Explicit Optimization of Clinical Trials for Statistical Power
Sebastian Ueckert, Joakim Nyberg, Andrew C. Hooker
Department of Pharmaceutical Biosciences, Uppsala University, Uppsala, Sweden
Objectives: Optimal design (OD) theory as a tool to increase the efficiency of clinical studies, though theoretically well-established, still suffers from a low frequency of practical implementation. Among the reasons for this discrepancy is the poor communication of benefits and potential gains, which are mainly based on measures of parameter precision. Statistical power, where applicable, constitutes a more accessible quantity to measure the quality of a design, but its connection with OD has been investigated only in isolated cases [1,2]. In this work we propose an improved statistic more generally applicable and demonstrate the direct optimization of a clinical trial design for statistical power.

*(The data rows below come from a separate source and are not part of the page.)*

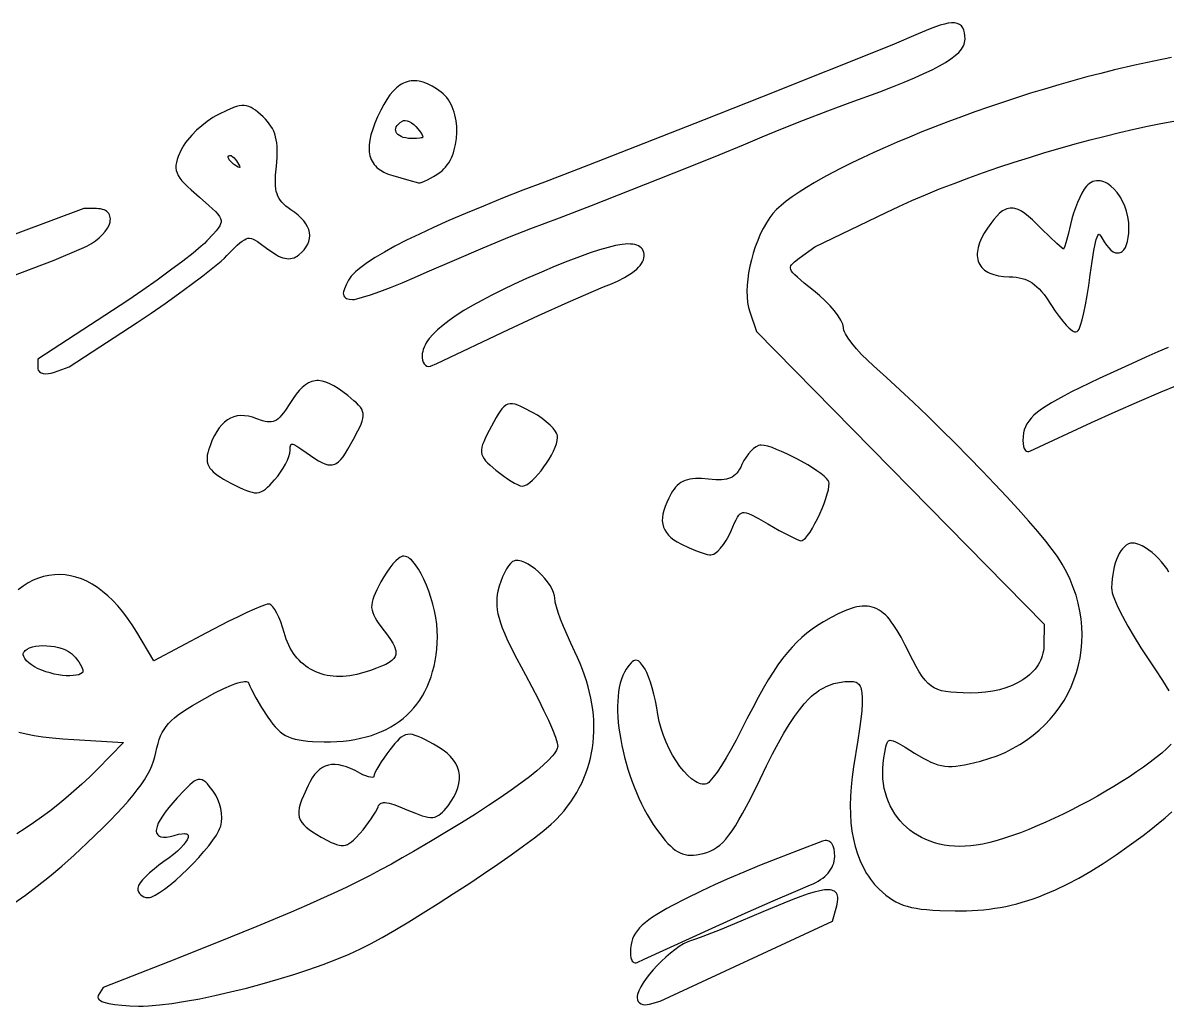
# Model space of a CAD drawing. Extents: x -592 to 638, y 287 to 852.
# Drawn here: x 302.5 to 375, y 492.1 to 554.4 of the extents above; entities that cross this region are included whole.
import ezdxf

# ---------------------------------------------------------------- set-up
doc = ezdxf.new("R2010")
doc.units = 0
doc.layers.add('COUCHE_1', color=18, linetype='CONTINUOUS')

msp = doc.modelspace()

# ---------------------------------------------------------------- linework, layer by layer
at = {"layer": 'COUCHE_1'}
for points in [[(342.764, 544.524), (344.791, 545.332), (346.629, 546.074), (348.181, 546.711), (349.351, 547.206), (350.534, 547.7), (351.984, 548.277), (353.516, 548.865), (354.947, 549.391), (356.816, 550.076), (357.63, 550.389), (358.367, 550.683), (359.029, 550.96), (359.62, 551.222), (360.142, 551.471), (360.598, 551.708), (360.993, 551.935), (361.327, 552.154), (361.605, 552.366), (361.828, 552.574), (361.922, 552.679), (362.002, 552.783), (362.07, 552.887), (362.126, 552.992), (362.169, 553.097), (362.201, 553.203), (362.22, 553.31), (362.227, 553.416), (362.223, 553.63), (362.201, 553.82), (362.158, 553.989), (362.091, 554.135), (361.997, 554.257), (361.875, 554.349), (361.729, 554.41), (361.56, 554.44), (361.37, 554.442), (361.157, 554.417), (360.917, 554.367), (360.649, 554.293), (360.351, 554.195), (360.02, 554.072), (359.258, 553.755), (357.577, 553.019), (349.313, 549.727), (345.67, 548.284), (341.862, 546.789), (338.338, 545.419), (335.552, 544.35), (334.183, 543.825), (332.892, 543.318), (331.679, 542.828), (330.545, 542.357), (329.489, 541.904), (328.512, 541.469), (327.615, 541.052), (326.797, 540.653), (326.058, 540.274), (325.399, 539.912), (324.819, 539.569), (324.319, 539.244), (323.9, 538.938), (323.719, 538.791), (323.558, 538.648), (323.418, 538.51), (323.297, 538.375), (323.195, 538.243), (323.115, 538.116), (322.963, 537.827), (322.857, 537.586), (322.799, 537.388), (322.789, 537.295), (322.794, 537.209), (322.818, 537.13), (322.861, 537.06), (322.922, 537.004), (322.994, 536.964), (323.076, 536.935), (323.169, 536.917), (323.383, 536.901), (323.494, 536.91), (323.638, 536.937), (324.017, 537.038), (324.513, 537.199), (325.108, 537.412), (325.784, 537.671), (326.522, 537.967), (327.302, 538.295), (328.105, 538.646), (329.836, 539.404), (331.653, 540.175), (333.341, 540.868), (334.683, 541.394), (336.507, 542.085), (338.526, 542.863)], [(327.084, 550.761), (326.96, 550.741), (326.839, 550.71), (326.72, 550.669), (326.603, 550.619), (326.489, 550.559), (326.375, 550.488), (326.158, 550.32), (325.948, 550.114), (325.744, 549.87), (325.547, 549.589), (325.355, 549.271), (325.168, 548.915), (324.964, 548.483), (324.792, 548.078), (324.652, 547.698), (324.545, 547.342), (324.47, 547.01), (324.429, 546.7), (324.422, 546.413), (324.432, 546.275), (324.45, 546.144), (324.477, 546.017), (324.513, 545.896), (324.558, 545.78), (324.613, 545.669), (324.676, 545.564), (324.748, 545.464), (324.829, 545.37), (324.919, 545.281), (325.017, 545.197), (325.125, 545.118), (325.361, 544.978), (325.632, 544.857), (325.934, 544.754), (326.953, 544.461), (327.563, 544.302), (327.668, 544.306), (327.798, 544.34), (327.949, 544.399), (328.12, 544.479), (328.506, 544.694), (328.714, 544.825), (328.924, 544.967), (329.051, 545.066), (329.17, 545.177), (329.282, 545.299), (329.384, 545.43), (329.479, 545.571), (329.566, 545.719), (329.644, 545.875), (329.714, 546.038), (329.776, 546.206), (329.831, 546.381), (329.916, 546.739), (329.969, 547.111), (329.991, 547.489), (329.982, 547.867), (329.94, 548.241), (329.867, 548.602), (329.819, 548.778), (329.762, 548.949), (329.697, 549.113), (329.624, 549.272), (329.542, 549.423), (329.452, 549.566), (329.354, 549.701), (329.246, 549.826), (329.13, 549.941), (329.006, 550.045), (328.706, 550.258), (328.416, 550.435), (328.134, 550.575), (327.861, 550.679), (327.597, 550.745), (327.464, 550.764), (327.336, 550.773), (327.209, 550.772)], [(316.505, 549.205), (316.352, 549.202), (316.191, 549.178), (316.019, 549.134), (315.832, 549.07), (315.405, 548.889), (314.875, 548.633), (314.698, 548.539), (314.518, 548.433), (314.161, 548.195), (313.812, 547.924), (313.48, 547.63), (313.174, 547.322), (312.905, 547.009), (312.786, 546.852), (312.68, 546.697), (312.587, 546.545), (312.51, 546.396), (312.32, 545.967), (312.251, 545.775), (312.202, 545.595), (312.174, 545.423), (312.171, 545.255), (312.193, 545.091), (312.243, 544.929), (312.32, 544.768), (312.424, 544.605), (312.556, 544.436), (312.716, 544.258), (312.907, 544.066), (313.129, 543.858), (313.67, 543.38), (314.256, 542.87), (314.485, 542.66), (314.674, 542.475), (314.822, 542.311), (314.93, 542.166), (314.998, 542.038), (315.033, 541.919), (315.038, 541.866), (315.036, 541.814), (315.009, 541.695), (314.949, 541.565), (314.855, 541.419), (314.725, 541.254), (314.56, 541.066), (314.132, 540.612), (313.976, 540.459), (313.778, 540.279), (313.26, 539.845), (312.605, 539.331), (311.838, 538.755), (310.984, 538.135), (310.068, 537.491), (309.114, 536.839), (308.147, 536.198), (303.417, 533.115), (303.408, 532.558), (303.413, 532.493), (303.433, 532.428), (303.466, 532.37), (303.513, 532.316), (303.621, 532.247), (303.757, 532.206), (303.911, 532.191), (304.083, 532.201), (304.268, 532.235), (304.463, 532.292), (305.409, 532.622), (309.704, 535.435), (310.595, 536.028), (311.481, 536.639), (312.34, 537.25), (313.148, 537.842), (313.882, 538.399), (314.519, 538.905), (315.036, 539.34), (315.243, 539.528), (315.41, 539.691), (315.869, 540.154), (316.06, 540.336), (316.228, 540.486), (316.378, 540.604), (316.512, 540.692), (316.632, 540.75), (316.742, 540.781), (316.847, 540.788), (316.956, 540.773), (317.074, 540.733), (317.206, 540.668), (317.355, 540.577), (317.522, 540.46), (317.927, 540.151), (318.25, 539.914), (318.546, 539.729), (318.687, 539.655), (318.821, 539.594), (318.952, 539.547), (319.078, 539.513), (319.201, 539.492), (319.321, 539.485), (319.438, 539.493), (319.552, 539.514), (319.662, 539.549), (319.768, 539.597), (319.871, 539.658), (319.971, 539.731), (320.156, 539.892), (320.312, 540.059), (320.44, 540.23), (320.541, 540.405), (320.611, 540.585), (320.653, 540.769), (320.664, 540.955), (320.644, 541.142), (320.595, 541.329), (320.517, 541.514), (320.41, 541.698), (320.276, 541.88), (320.115, 542.06), (319.926, 542.238), (319.711, 542.415), (319.471, 542.588), (319.298, 542.71), (319.146, 542.829), (319.012, 542.947), (318.896, 543.066), (318.796, 543.188), (318.712, 543.314), (318.642, 543.449), (318.585, 543.592), (318.54, 543.748), (318.508, 543.919), (318.487, 544.107), (318.478, 544.313), (318.479, 544.541), (318.491, 544.79), (318.543, 545.366), (318.591, 545.914), (318.601, 546.165), (318.601, 546.401), (318.59, 546.623), (318.57, 546.833), (318.538, 547.032), (318.495, 547.221), (318.439, 547.4), (318.372, 547.571), (318.292, 547.735), (318.2, 547.892), (318.095, 548.044), (317.977, 548.191), (317.846, 548.334), (317.703, 548.475), (317.368, 548.777), (317.218, 548.899), (317.075, 549.001), (316.935, 549.083), (316.795, 549.146), (316.653, 549.186)], [(326.288, 548.029), (326.398, 548.124), (326.537, 548.217), (326.574, 548.235), (326.611, 548.245), (326.715, 548.25), (326.835, 548.228), (326.969, 548.178), (327.11, 548.1), (327.254, 547.997), (327.394, 547.871), (327.526, 547.723), (327.691, 547.505), (327.795, 547.336), (327.821, 547.277), (327.831, 547.233), (327.831, 547.208), (327.826, 547.195), (327.814, 547.181), (327.783, 547.162), (327.728, 547.143), (327.651, 547.127), (327.427, 547.108), (327.123, 547.106), (326.927, 547.118), (326.751, 547.144), (326.595, 547.184), (326.461, 547.235), (326.348, 547.295), (326.257, 547.363), (326.188, 547.435), (326.141, 547.511), (326.113, 547.588), (326.105, 547.668), (326.116, 547.752), (326.148, 547.841), (326.205, 547.933)], [(316.082, 545.597), (316.148, 545.482), (316.198, 545.375), (316.22, 545.3), (316.22, 545.276), (316.197, 545.278), (316.122, 545.302), (316.018, 545.355), (315.823, 545.485), (315.669, 545.621), (315.558, 545.755), (315.523, 545.814), (315.498, 545.869), (315.485, 545.915), (315.483, 545.951), (315.487, 545.975), (315.495, 545.991), (315.51, 546.005), (315.537, 546.019), (315.583, 546.03), (315.643, 546.034), (315.676, 546.026), (315.725, 546), (315.789, 545.952), (315.86, 545.885), (315.935, 545.801), (316.01, 545.704)], [(372.308, 540.058), (372.4, 540.203), (372.476, 540.38), (372.537, 540.589), (372.583, 540.83), (372.613, 541.104), (372.627, 541.411), (372.625, 541.598), (372.613, 541.784), (372.563, 542.144), (372.479, 542.493), (372.365, 542.824), (372.225, 543.134), (372.063, 543.42), (371.882, 543.679), (371.684, 543.906), (371.475, 544.097), (371.365, 544.18), (371.254, 544.252), (371.141, 544.313), (371.026, 544.362), (370.91, 544.399), (370.794, 544.424), (370.677, 544.435), (370.56, 544.431), (370.445, 544.413), (370.332, 544.378), (370.223, 544.328), (370.118, 544.262), (370.018, 544.179), (369.923, 544.08), (369.785, 543.893), (369.645, 543.654), (369.504, 543.373), (369.367, 543.059), (369.237, 542.72), (369.117, 542.367), (369.012, 542.009), (368.926, 541.657), (368.773, 541.013), (368.622, 540.489), (368.553, 540.291), (368.494, 540.145), (368.465, 540.094), (368.379, 540.157), (368.049, 540.443), (367.6, 540.869), (367.082, 541.391), (366.787, 541.688), (366.515, 541.947), (366.262, 542.169), (366.025, 542.352), (365.803, 542.497), (365.589, 542.603), (365.386, 542.669), (365.282, 542.688), (365.181, 542.695), (365.082, 542.691), (364.984, 542.677), (364.887, 542.651), (364.79, 542.614), (364.606, 542.513), (364.424, 542.372), (364.241, 542.193), (364.054, 541.978), (363.86, 541.725), (363.655, 541.433), (363.449, 541.107), (363.281, 540.793), (363.153, 540.493), (363.064, 540.208), (363.015, 539.939), (363.005, 539.808), (363.006, 539.682), (363.016, 539.56), (363.037, 539.443), (363.068, 539.33), (363.109, 539.223), (363.161, 539.12), (363.223, 539.023), (363.294, 538.933), (363.376, 538.848), (363.466, 538.77), (363.566, 538.698), (363.675, 538.633), (363.794, 538.573), (364.053, 538.476), (364.348, 538.404), (364.676, 538.358), (365.035, 538.339), (365.258, 538.33), (365.465, 538.312), (365.659, 538.283), (365.841, 538.242), (366.014, 538.19), (366.179, 538.124), (366.337, 538.045), (366.491, 537.95), (366.641, 537.84), (366.79, 537.713), (366.938, 537.567), (367.087, 537.402), (367.237, 537.216), (367.391, 537.01), (367.713, 536.528), (367.954, 536.163), (368.193, 535.829), (368.424, 535.534), (368.641, 535.283), (368.839, 535.083), (369.013, 534.941), (369.095, 534.891), (369.175, 534.857), (369.26, 534.844), (369.347, 534.868), (369.412, 534.935), (369.463, 535.023), (369.556, 535.266), (369.655, 535.613), (369.759, 536.052), (369.865, 536.57), (369.97, 537.153), (370.071, 537.787), (370.164, 538.457), (370.283, 539.318), (370.394, 539.998), (370.501, 540.507), (370.552, 540.697), (370.603, 540.846), (370.651, 540.953), (370.693, 541.014), (370.718, 541.034), (370.724, 541.035), (370.742, 541.028), (370.785, 540.991), (370.842, 540.915), (370.909, 540.801), (371.052, 540.554), (371.197, 540.343), (371.342, 540.168), (371.486, 540.031), (371.631, 539.931), (371.775, 539.87), (371.852, 539.854), (371.926, 539.85), (371.998, 539.857), (372.069, 539.877), (372.135, 539.908), (372.2, 539.951)], [(340.227, 538.085), (340.621, 538.286), (340.97, 538.498), (341.127, 538.609), (341.271, 538.721), (341.4, 538.834), (341.516, 538.948), (341.617, 539.064), (341.703, 539.18), (341.772, 539.297), (341.824, 539.415), (341.857, 539.533), (341.87, 539.65), (341.865, 539.774), (341.845, 539.888), (341.81, 539.994), (341.759, 540.09), (341.692, 540.175), (341.609, 540.247), (341.512, 540.306), (341.402, 540.352), (341.28, 540.386), (341.146, 540.408), (340.998, 540.419), (340.838, 540.42), (340.664, 540.41), (340.475, 540.389), (340.058, 540.317), (339.58, 540.203), (339.041, 540.047), (338.438, 539.85), (337.771, 539.611), (337.036, 539.329), (336.234, 539.004), (335.363, 538.636), (334.42, 538.225), (333.634, 537.87), (332.896, 537.521), (332.207, 537.179), (331.568, 536.844), (330.978, 536.516), (330.438, 536.195), (329.947, 535.881), (329.506, 535.574), (329.114, 535.275), (328.773, 534.982), (328.482, 534.696), (328.241, 534.417), (328.139, 534.278), (328.05, 534.142), (327.974, 534.007), (327.911, 533.873), (327.86, 533.74), (327.824, 533.608), (327.801, 533.478), (327.791, 533.349), (327.798, 533.191), (327.821, 533.048), (327.861, 532.921), (327.917, 532.813), (327.993, 532.726), (328.09, 532.668), (328.203, 532.65), (328.311, 532.676), (328.721, 532.85), (333.26, 534.991), (335.18, 535.883), (337.051, 536.729), (338.661, 537.434), (339.3, 537.703), (339.794, 537.902)], [(314.199, 526.464), (314.254, 526.335), (314.329, 526.211), (314.424, 526.091), (314.537, 525.975), (314.671, 525.859), (314.825, 525.744), (314.999, 525.627), (315.196, 525.508), (315.657, 525.258), (316.204, 524.984), (316.434, 524.876), (316.641, 524.788), (316.829, 524.721), (317.001, 524.674), (317.161, 524.649), (317.312, 524.647), (317.456, 524.669), (317.593, 524.716), (317.726, 524.787), (317.857, 524.879), (317.989, 524.993), (318.127, 525.128), (318.435, 525.463), (318.629, 525.696), (318.81, 525.944), (318.975, 526.2), (319.119, 526.456), (319.24, 526.706), (319.332, 526.942), (319.393, 527.16), (319.416, 527.346), (319.429, 527.556), (319.442, 527.627), (319.458, 527.678), (319.475, 527.707), (319.488, 527.72), (319.504, 527.726), (319.533, 527.728), (319.582, 527.719), (319.65, 527.696), (319.844, 527.596), (320.103, 527.43), (320.436, 527.195), (320.978, 526.817), (321.213, 526.671), (321.427, 526.556), (321.625, 526.472), (321.813, 526.422), (321.989, 526.409), (322.079, 526.417), (322.164, 526.436), (322.247, 526.465), (322.329, 526.504), (322.48, 526.609), (322.628, 526.752), (322.775, 526.931), (322.925, 527.148), (323.083, 527.403), (323.435, 528.034), (323.719, 528.573), (323.83, 528.799), (323.92, 529.002), (323.988, 529.186), (324.033, 529.354), (324.054, 529.512), (324.049, 529.663), (324.016, 529.806), (323.956, 529.942), (323.87, 530.074), (323.759, 530.204), (323.624, 530.338), (323.465, 530.48), (323.068, 530.803), (322.756, 531.043), (322.464, 531.249), (322.19, 531.421), (321.932, 531.559), (321.686, 531.662), (321.45, 531.729), (321.225, 531.758), (321.112, 531.758), (321.002, 531.749), (320.895, 531.729), (320.789, 531.7), (320.686, 531.66), (320.582, 531.611), (320.385, 531.486), (320.19, 531.323), (319.997, 531.123), (319.803, 530.887), (319.605, 530.614), (319.402, 530.305), (319.121, 529.88), (318.995, 529.707), (318.875, 529.559), (318.761, 529.436), (318.651, 529.336), (318.544, 529.258), (318.438, 529.201), (318.331, 529.162), (318.219, 529.14), (318.099, 529.133), (317.968, 529.143), (317.824, 529.169), (317.667, 529.21), (317.295, 529.34), (317.032, 529.43), (316.776, 529.494), (316.528, 529.53), (316.29, 529.537), (316.062, 529.515), (315.843, 529.463), (315.634, 529.381), (315.437, 529.269), (315.251, 529.128), (315.076, 528.958), (314.912, 528.76), (314.759, 528.533), (314.615, 528.278), (314.481, 527.995), (314.356, 527.684), (314.24, 527.344), (314.194, 527.182), (314.162, 527.027), (314.145, 526.879), (314.145, 526.736), (314.162, 526.598)], [(331.581, 527.075), (331.636, 526.938), (331.716, 526.806), (331.819, 526.675), (331.946, 526.541), (332.097, 526.399), (332.471, 526.078), (332.717, 525.879), (332.965, 525.693), (333.207, 525.524), (333.437, 525.376), (333.65, 525.253), (333.84, 525.158), (334.004, 525.094), (334.139, 525.069), (334.22, 525.076), (334.3, 525.098), (334.454, 525.174), (334.619, 525.29), (334.791, 525.44), (334.969, 525.619), (335.15, 525.822), (335.331, 526.045), (335.509, 526.283), (335.679, 526.531), (335.84, 526.784), (335.986, 527.037), (336.115, 527.286), (336.223, 527.526), (336.307, 527.752), (336.362, 527.962), (336.384, 528.152), (336.375, 528.243), (336.348, 528.337), (336.305, 528.433), (336.248, 528.531), (336.099, 528.731), (335.903, 528.939), (335.667, 529.15), (335.398, 529.358), (335.101, 529.557), (334.783, 529.742), (334.27, 530.013), (334.055, 530.117), (333.862, 530.198), (333.688, 530.256), (333.526, 530.288), (333.373, 530.291), (333.229, 530.26), (333.094, 530.195), (332.97, 530.099), (332.851, 529.973), (332.734, 529.816), (332.613, 529.629), (332.483, 529.408), (332.183, 528.86), (331.896, 528.317), (331.784, 528.088), (331.693, 527.884), (331.623, 527.698), (331.575, 527.529), (331.551, 527.37), (331.552, 527.219)], [(343.575, 521.807), (343.76, 521.664), (343.971, 521.528), (344.208, 521.397), (344.719, 521.152), (345.228, 520.94), (345.678, 520.783), (345.866, 520.731), (346.023, 520.701), (346.109, 520.702), (346.197, 520.722), (346.284, 520.759), (346.374, 520.811), (346.548, 520.95), (346.726, 521.136), (346.904, 521.362), (347.076, 521.624), (347.24, 521.914), (347.389, 522.227), (347.613, 522.733), (347.708, 522.93), (347.797, 523.091), (347.882, 523.215), (347.964, 523.302), (348.044, 523.358), (348.128, 523.387), (348.227, 523.393), (348.348, 523.374), (348.497, 523.327), (348.674, 523.252), (349.125, 523.015), (349.72, 522.671), (350.441, 522.261), (351.068, 521.924), (351.534, 521.695), (351.693, 521.629), (351.805, 521.599), (351.889, 521.614), (351.963, 521.65), (352.033, 521.702), (352.104, 521.768), (352.245, 521.936), (352.396, 522.15), (352.551, 522.403), (352.708, 522.687), (352.864, 522.994), (353.015, 523.314), (353.157, 523.64), (353.286, 523.964), (353.398, 524.275), (353.49, 524.568), (353.557, 524.833), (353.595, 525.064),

Methods: A new statistic derived from the general formulation of the Wald approximation was used to predict the statistical power for given trial designs using different pharmacometric models. The predicted value was compared, together with the classical Wald statistic [1,2], to a type I error-corrected model-based power determined via clinical trial simulations. In a second step, a study design for maximal power was determined by directly maximizing the new statistic. The resulting power-optimal designs and their corresponding performance based on empirical power calculations were compared to designs determined with the D and Ds optimality criteria. All OD related calculations were performed using PopED V2.11 [3], simulation and estimations used PsN V3.3 in connection with NONMEM 7.1.2.
Results: Comparisons of empirically determined power and the newly developed statistic, showed excellent agreement across all models and scenarios investigated. This was in contrast to the classical Wald statistic, which consistently over-predicted the reference power with deviations of up to 90%. Designs maximized using the proposed metric differed from D and Ds optimal designs and showed equal or up to 20% higher power in the subsequent clinical trial simulations. Furthermore, the proposed method was used to minimize the number of individuals required to achieve 80% power through a simultaneous optimization of study size and study design. The targeted power of 80% was confirmed in subsequent simulation studies.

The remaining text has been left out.